I say it is a victory for Earth Day, first and foremost because green sells. Sure, a lot of it is fake, but still, green is a now selling point. And second this will probably influence some people do choose smaller cans, and that can have a large impact when you consider the scale of a huge company like Campbell's. And third, it plants the idea of consuming less packaging by choosing products that are condensed and require you to add water, rather than completely pre-fab convenience products like Lunchables or whatever. None of these things are ironic.
Still, I grant you that it seems ironic.
Well, this conversation is a lot less funny than the can of soup.
Just doing my part to get keep anyone from getting too used to being happy.
It could be funny to mock the faux environmentalism of organic non-condensed soup. Their greener-than-thou packaging is a little over the top (and ironic!), if you've seen the soup aisle lately. Harder joke to tell, though.
Your story about the pajama pants was funnier. I am totally getting my own pair of those.
I'm more surprised that they have pull-tab tops now. When did that start and why wasn't I informed?
Real environmentalists eat Campbell's without adding water, and they do it out of the can so they don't have to wash a dish later.
what's ironic is that usually elenchos is the slog satirist.
it's not good that non-green items are being passed off as green. yes, people are trying to buy green (trying change the world without having to change much), but when they buy the same package with a green-colored label, what good have we done? if business sees that they can sell green without being green, we are losing the battle.

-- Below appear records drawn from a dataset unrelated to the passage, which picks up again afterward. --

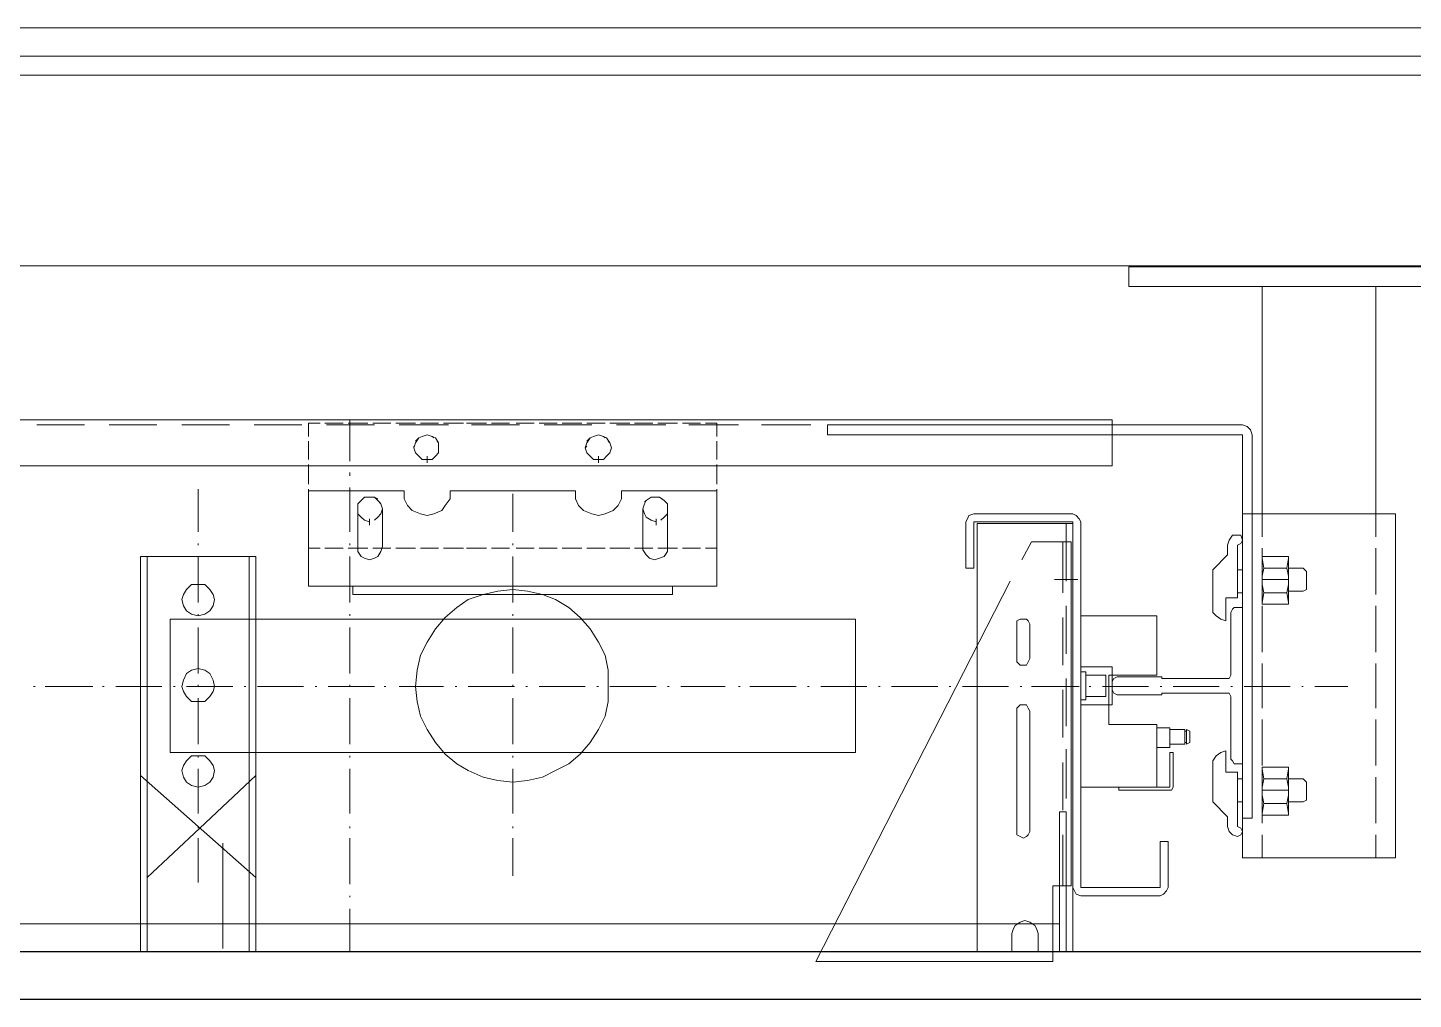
# Model space of a CAD drawing. Header units: millimetres. Extents: x 2552 to 3104, y 1319 to 1450.
# Drawn here: x 2658.782 to 2659.509, y 1391.11 to 1391.62 of the extents above; entities that cross this region are included whole.
import ezdxf

# ---------------------------------------------------------------- set-up
doc = ezdxf.new("R2010")
doc.units = ezdxf.units.MM
doc.linetypes.add('HIDDEN', pattern=[0.375, 0.25, -0.125])
for name, color, linetype, lineweight in [('2H', 1, 'HIDDEN', 15), ('AR-ESQ-VT1', 1, 'Continuous', 9), ('P', 1, 'Continuous', 18)]:
    doc.layers.add(name, color=color, linetype=linetype, lineweight=lineweight)
doc.layers.add('47', color=1, linetype='Continuous')
doc.layers.add('AR-ELV', color=2, linetype='Continuous')

msp = doc.modelspace()

# ---------------------------------------------------------------- linework, layer by layer
at = {"layer": '2H', "lineweight": 9, "ltscale": 20}
msp.add_line((2658.04192, 1391.61988), (2659.84192, 1391.61988), dxfattribs=at)
at = {"layer": '47'}
for p, q in [((2658.35192, 1391.13488), (2659.63061, 1391.13488)), ((2658.40561, 1391.10988), (2659.56319, 1391.10988))]:
    msp.add_line(p, q, dxfattribs=at)
at = {"layer": 'AR-ELV', "lineweight": 13}
for p, q in [((2658.04192, 1391.59488), (2659.64192, 1391.59488)), ((2658.04192, 1391.59488), (2659.64192, 1391.59488)), ((2658.19192, 1391.49488), (2659.64192, 1391.49488))]:
    msp.add_line(p, q, dxfattribs=at)
at = {"layer": 'AR-ESQ-VT1'}
msp.add_line((2659.80192, 1391.60488), (2658.03192, 1391.60488), dxfattribs=at)
at = {"layer": 'P', "linetype": 'Continuous'}
for points in [[(2659.55957, 1391.49438), (2659.35994, 1391.49438)], [(2659.55957, 1391.48401), (2659.35994, 1391.48401), (2659.35994, 1391.49438)], [(2659.42994, 1391.36475), (2659.42994, 1391.48401)], [(2659.48957, 1391.36475), (2659.48957, 1391.48401)], [(2658.55192, 1391.41401), (2659.3513, 1391.41401)], [(2658.93562, 1391.41228), (2658.92957, 1391.41228)], [(2658.92957, 1391.40537), (2658.92957, 1391.41228)], [(2658.94772, 1391.41228), (2658.93821, 1391.41228)], [(2658.96068, 1391.41228), (2658.95031, 1391.41228)], [(2658.95117, 1391.41401), (2658.95117, 1391.39241)], [(2658.97278, 1391.41228), (2658.96327, 1391.41228)], [(2658.98574, 1391.41228), (2658.97537, 1391.41228)], [(2658.99784, 1391.41228), (2658.98834, 1391.41228)], [(2659.0108, 1391.41228), (2659.00043, 1391.41228)], [(2659.0229, 1391.41228), (2659.01253, 1391.41228)], [(2659.035, 1391.41228), (2659.0255, 1391.41228)], [(2659.04796, 1391.41228), (2659.03846, 1391.41228)], [(2659.06006, 1391.41228), (2659.05056, 1391.41228)], [(2659.07303, 1391.41228), (2659.06266, 1391.41228)], [(2659.08513, 1391.41228), (2659.07562, 1391.41228)], [(2659.09809, 1391.41228), (2659.08772, 1391.41228)], [(2659.11019, 1391.41228), (2659.10068, 1391.41228)], [(2659.12315, 1391.41228), (2659.11278, 1391.41228)], [(2659.13525, 1391.41228), (2659.12574, 1391.41228)], [(2659.14389, 1391.41228), (2659.13784, 1391.41228)], [(2659.14389, 1391.40537), (2659.14389, 1391.41228)], [(2659.3513, 1391.38982), (2659.3513, 1391.41401)], [(2658.78698, 1391.41142), (2658.81204, 1391.41142)], [(2658.825, 1391.41142), (2658.85006, 1391.41142)], [(2658.86303, 1391.41142), (2658.88809, 1391.41142)], [(2658.90105, 1391.41142), (2658.92611, 1391.41142)], [(2658.93908, 1391.41142), (2658.96414, 1391.41142)], [(2658.9771, 1391.41142), (2659.00303, 1391.41142)], [(2658.99179, 1391.40624), (2658.99438, 1391.40537), (2658.99611, 1391.40451), (2658.99784, 1391.40191), (2658.99784, 1391.39932), (2658.99784, 1391.39673), (2658.99611, 1391.395), (2658.99438, 1391.39327), (2658.99179, 1391.39327), (2658.9892, 1391.39327), (2658.98747, 1391.395), (2658.98574, 1391.39673), (2658.98488, 1391.39932), (2658.98574, 1391.40191), (2658.98747, 1391.40451), (2658.9892, 1391.40537), (2658.99179, 1391.40624)], [(2658.98574, 1391.40278), (2658.98747, 1391.40451), (2658.9892, 1391.40537), (2658.99179, 1391.40624), (2658.99438, 1391.40537), (2658.99525, 1391.40451)], [(2659.01513, 1391.41142), (2659.04019, 1391.41142)], [(2659.05315, 1391.41142), (2659.07821, 1391.41142)], [(2659.08167, 1391.40624), (2659.08426, 1391.40537), (2659.08599, 1391.40451), (2659.08772, 1391.40191), (2659.08858, 1391.39932), (2659.08772, 1391.39673), (2659.08599, 1391.395), (2659.08426, 1391.39327), (2659.08167, 1391.39327), (2659.07908, 1391.39327), (2659.07735, 1391.395), (2659.07562, 1391.39673), (2659.07475, 1391.39932), (2659.07562, 1391.40191), (2659.07735, 1391.40451), (2659.07908, 1391.40537), (2659.08167, 1391.40624)], [(2659.07562, 1391.40278), (2659.07735, 1391.40451), (2659.07908, 1391.40537), (2659.08167, 1391.40624), (2659.08426, 1391.40537), (2659.08513, 1391.40451)], [(2659.09117, 1391.41142), (2659.1171, 1391.41142)], [(2659.1292, 1391.41142), (2659.15513, 1391.41142)], [(2659.16722, 1391.41142), (2659.19315, 1391.41142)], [(2659.20179, 1391.41142), (2659.3755, 1391.41142)], [(2659.20179, 1391.40624), (2659.20179, 1391.41142)], [(2659.20179, 1391.40624), (2659.41871, 1391.40624)], [(2659.20525, 1391.41142), (2659.23117, 1391.41142)], [(2659.24414, 1391.41142), (2659.2692, 1391.41142)], [(2659.2813, 1391.41142), (2659.30722, 1391.41142)], [(2659.32019, 1391.41142), (2659.3513, 1391.41142)], [(2659.3513, 1391.41142), (2659.41957, 1391.41142)], [(2659.41871, 1391.40624), (2659.41957, 1391.40624), (2659.41957, 1391.40537)], [(2659.41957, 1391.41142), (2659.42216, 1391.41056), (2659.42389, 1391.40883), (2659.42475, 1391.40624)], [(2659.41957, 1391.20488), (2659.41957, 1391.40537)], [(2659.42475, 1391.20488), (2659.42475, 1391.40624)], [(2658.92957, 1391.39327), (2658.92957, 1391.40278)], [(2658.99179, 1391.39327), (2658.9892, 1391.39327), (2658.98747, 1391.395), (2658.98574, 1391.39673), (2658.98488, 1391.39932), (2658.98488, 1391.40019)], [(2658.99698, 1391.40278), (2658.99784, 1391.40191), (2658.99784, 1391.39932), (2658.99784, 1391.39673), (2658.99611, 1391.395), (2658.99438, 1391.39327)], [(2659.08167, 1391.39327), (2659.07908, 1391.39327), (2659.07735, 1391.395), (2659.07562, 1391.39673), (2659.07475, 1391.39932), (2659.07562, 1391.40019)], [(2659.08685, 1391.40278), (2659.08772, 1391.40191), (2659.08858, 1391.39932), (2659.08772, 1391.39673), (2659.08599, 1391.395), (2659.08426, 1391.39327)], [(2659.14389, 1391.39327), (2659.14389, 1391.40278)], [(2658.92957, 1391.38031), (2658.92957, 1391.39068)], [(2658.99179, 1391.39154), (2658.99179, 1391.395)], [(2659.08167, 1391.39154), (2659.08167, 1391.395)], [(2659.14389, 1391.38031), (2659.14389, 1391.39068)], [(2658.55192, 1391.38982), (2659.3513, 1391.38982)], [(2658.95117, 1391.38636), (2658.95117, 1391.38463)], [(2658.87167, 1391.35525), (2658.87167, 1391.37772)], [(2658.92957, 1391.36821), (2658.92957, 1391.37772)], [(2658.92957, 1391.32673), (2658.92957, 1391.37685), (2658.97969, 1391.37685)], [(2658.95117, 1391.37858), (2658.95117, 1391.35525)], [(2659.00389, 1391.37685), (2659.00389, 1391.37253), (2659.0013, 1391.36907), (2658.99957, 1391.36648), (2658.99525, 1391.36475), (2658.99179, 1391.36389), (2658.98834, 1391.36475), (2658.98401, 1391.36648), (2658.98142, 1391.36907), (2658.97969, 1391.37253), (2658.97969, 1391.37685)], [(2659.06957, 1391.37685), (2659.00389, 1391.37685)], [(2659.09377, 1391.37685), (2659.09377, 1391.37253), (2659.09204, 1391.36907), (2659.08945, 1391.36648), (2659.08513, 1391.36475), (2659.08167, 1391.36389), (2659.07821, 1391.36475), (2659.07389, 1391.36648), (2659.0713, 1391.36907), (2659.06957, 1391.37253), (2659.06957, 1391.37685)], [(2659.14389, 1391.37685), (2659.09377, 1391.37685)], [(2659.14389, 1391.36821), (2659.14389, 1391.37772)], [(2659.14389, 1391.32673), (2659.14389, 1391.37685)], [(2658.9555, 1391.36735), (2658.9555, 1391.36994), (2658.95722, 1391.37167), (2658.95895, 1391.3734), (2658.96154, 1391.3734), (2658.96414, 1391.3734), (2658.96587, 1391.37167), (2658.96759, 1391.36994), (2658.96846, 1391.36735)], [(2658.95636, 1391.3708), (2658.95722, 1391.37167), (2658.95895, 1391.3734), (2658.96154, 1391.3734), (2658.96414, 1391.3734), (2658.96587, 1391.37253)], [(2658.96673, 1391.3708), (2658.96759, 1391.36994), (2658.96846, 1391.36735), (2658.96759, 1391.36475), (2658.96587, 1391.36303), (2658.96414, 1391.3613)], [(2659.03673, 1391.35525), (2659.03673, 1391.37512)], [(2659.105, 1391.36735), (2659.10587, 1391.36994), (2659.10673, 1391.37167), (2659.10932, 1391.3734), (2659.11192, 1391.3734), (2659.11364, 1391.3734), (2659.11624, 1391.37167), (2659.11796, 1391.36994), (2659.11796, 1391.36735)], [(2659.10587, 1391.3708), (2659.10673, 1391.37167), (2659.10932, 1391.3734), (2659.11192, 1391.3734), (2659.11364, 1391.3734), (2659.11537, 1391.37253)], [(2659.1171, 1391.3708), (2659.11796, 1391.36994), (2659.11796, 1391.36735), (2659.11796, 1391.36475), (2659.11624, 1391.36303), (2659.11451, 1391.3613)], [(2658.92957, 1391.35525), (2658.92957, 1391.36562)], [(2658.9555, 1391.36735), (2658.9555, 1391.34747)], [(2658.96154, 1391.36043), (2658.95895, 1391.3613), (2658.95722, 1391.36303), (2658.9555, 1391.36475), (2658.9555, 1391.36735), (2658.9555, 1391.36735)], [(2658.96154, 1391.3587), (2658.96154, 1391.36216)], [(2658.96846, 1391.36735), (2658.96846, 1391.34747)], [(2659.105, 1391.36735), (2659.105, 1391.34661)], [(2659.11192, 1391.36043), (2659.10932, 1391.3613), (2659.10673, 1391.36303), (2659.10587, 1391.36475), (2659.105, 1391.36735), (2659.105, 1391.36735)], [(2659.11192, 1391.3587), (2659.11192, 1391.36216)], [(2659.11796, 1391.36735), (2659.11796, 1391.34747)], [(2659.14389, 1391.35525), (2659.14389, 1391.36562)], [(2659.27438, 1391.36043), (2659.27525, 1391.36216), (2659.27611, 1391.36389), (2659.27871, 1391.36475)], [(2659.33056, 1391.36475), (2659.27871, 1391.36475)], [(2659.33056, 1391.36475), (2659.33229, 1391.36389), (2659.33401, 1391.36216), (2659.33488, 1391.36043)], [(2659.41957, 1391.36475), (2659.49994, 1391.36475)], [(2659.41957, 1391.18414), (2659.41957, 1391.36475)], [(2659.42994, 1391.36475), (2659.42994, 1391.35265)], [(2659.48957, 1391.36475), (2659.48957, 1391.35265)], [(2659.49994, 1391.18414), (2659.49994, 1391.36475)], [(2659.27438, 1391.33624), (2659.27438, 1391.36043)], [(2659.27871, 1391.35957), (2659.27871, 1391.36043), (2659.27957, 1391.36043)], [(2659.27871, 1391.33624), (2659.27871, 1391.35957)], [(2659.32969, 1391.36043), (2659.27957, 1391.36043)], [(2659.28043, 1391.35957), (2659.28043, 1391.13488)], [(2659.33056, 1391.35957), (2659.28043, 1391.35957)], [(2659.3271, 1391.35957), (2659.3271, 1391.32932)], [(2659.32969, 1391.36043), (2659.33056, 1391.36043), (2659.33056, 1391.35957)], [(2659.33056, 1391.35957), (2659.33056, 1391.13488)], [(2659.33056, 1391.16858), (2659.33056, 1391.35957)], [(2659.33488, 1391.16945), (2659.33488, 1391.36043)], [(2658.87167, 1391.34833), (2658.87167, 1391.3492)], [(2658.92957, 1391.34661), (2658.92957, 1391.35352)], [(2658.93562, 1391.34661), (2658.92957, 1391.34661)], [(2658.94772, 1391.34661), (2658.93821, 1391.34661)], [(2658.96068, 1391.34661), (2658.95031, 1391.34661)], [(2658.95117, 1391.3492), (2658.95117, 1391.34833)], [(2658.96846, 1391.34747), (2658.96759, 1391.34488), (2658.96587, 1391.34228), (2658.96414, 1391.34142), (2658.96154, 1391.34056), (2658.95895, 1391.34142), (2658.95722, 1391.34228), (2658.9555, 1391.34488), (2658.9555, 1391.34747)], [(2658.97278, 1391.34661), (2658.96327, 1391.34661)], [(2658.98574, 1391.34661), (2658.97537, 1391.34661)], [(2658.99784, 1391.34661), (2658.98834, 1391.34661)], [(2659.0108, 1391.34661), (2659.00043, 1391.34661)], [(2659.0229, 1391.34661), (2659.01253, 1391.34661)], [(2659.035, 1391.34661), (2659.0255, 1391.34661)], [(2659.03673, 1391.34833), (2659.03673, 1391.3492)], [(2659.04796, 1391.34661), (2659.03846, 1391.34661)], [(2659.06006, 1391.34661), (2659.05056, 1391.34661)], [(2659.07303, 1391.34661), (2659.06266, 1391.34661)], [(2659.08513, 1391.34661), (2659.07562, 1391.34661)], [(2659.09809, 1391.34661), (2659.08772, 1391.34661)], [(2659.11019, 1391.34661), (2659.10068, 1391.34661)], [(2659.11796, 1391.34747), (2659.11796, 1391.34488), (2659.11624, 1391.34228), (2659.11364, 1391.34142), (2659.11105, 1391.34056), (2659.10846, 1391.34142), (2659.10673, 1391.34315), (2659.105, 1391.34574), (2659.105, 1391.34747)], [(2659.12315, 1391.34661), (2659.11278, 1391.34661)], [(2659.13525, 1391.34661), (2659.12574, 1391.34661)], [(2659.14389, 1391.34661), (2659.13784, 1391.34661)], [(2659.14389, 1391.34661), (2659.14389, 1391.35352)], [(2659.30895, 1391.35006), (2659.30377, 1391.34056)], [(2659.30895, 1391.35006), (2659.32969, 1391.35006)], [(2659.32537, 1391.32327), (2659.32537, 1391.35006)], [(2659.32969, 1391.16945), (2659.32969, 1391.35006)], [(2659.41179, 1391.34833), (2659.41266, 1391.35093), (2659.41438, 1391.35352), (2659.41698, 1391.35352)], [(2659.41179, 1391.34315), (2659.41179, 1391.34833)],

it would be like a earth day greeting card. oh.
You know for some reason (Product) Red products bother me like this pseudo green product does. I've never been able to articulate a coherent argument about why (Product) Red products annoy me though.
were you at breitenbush, dom?
@20... i remember these yogurt tops that you could send in and the company would donate money to breast cancer research. what, so i have to buy it, clean it, put it in an envelope, and put a 41 cent stamp on it... and you are going to donate 10 cents? 10 cents? 10!?!?!
just donate the money. or donate based on sales. the rest was just annoying.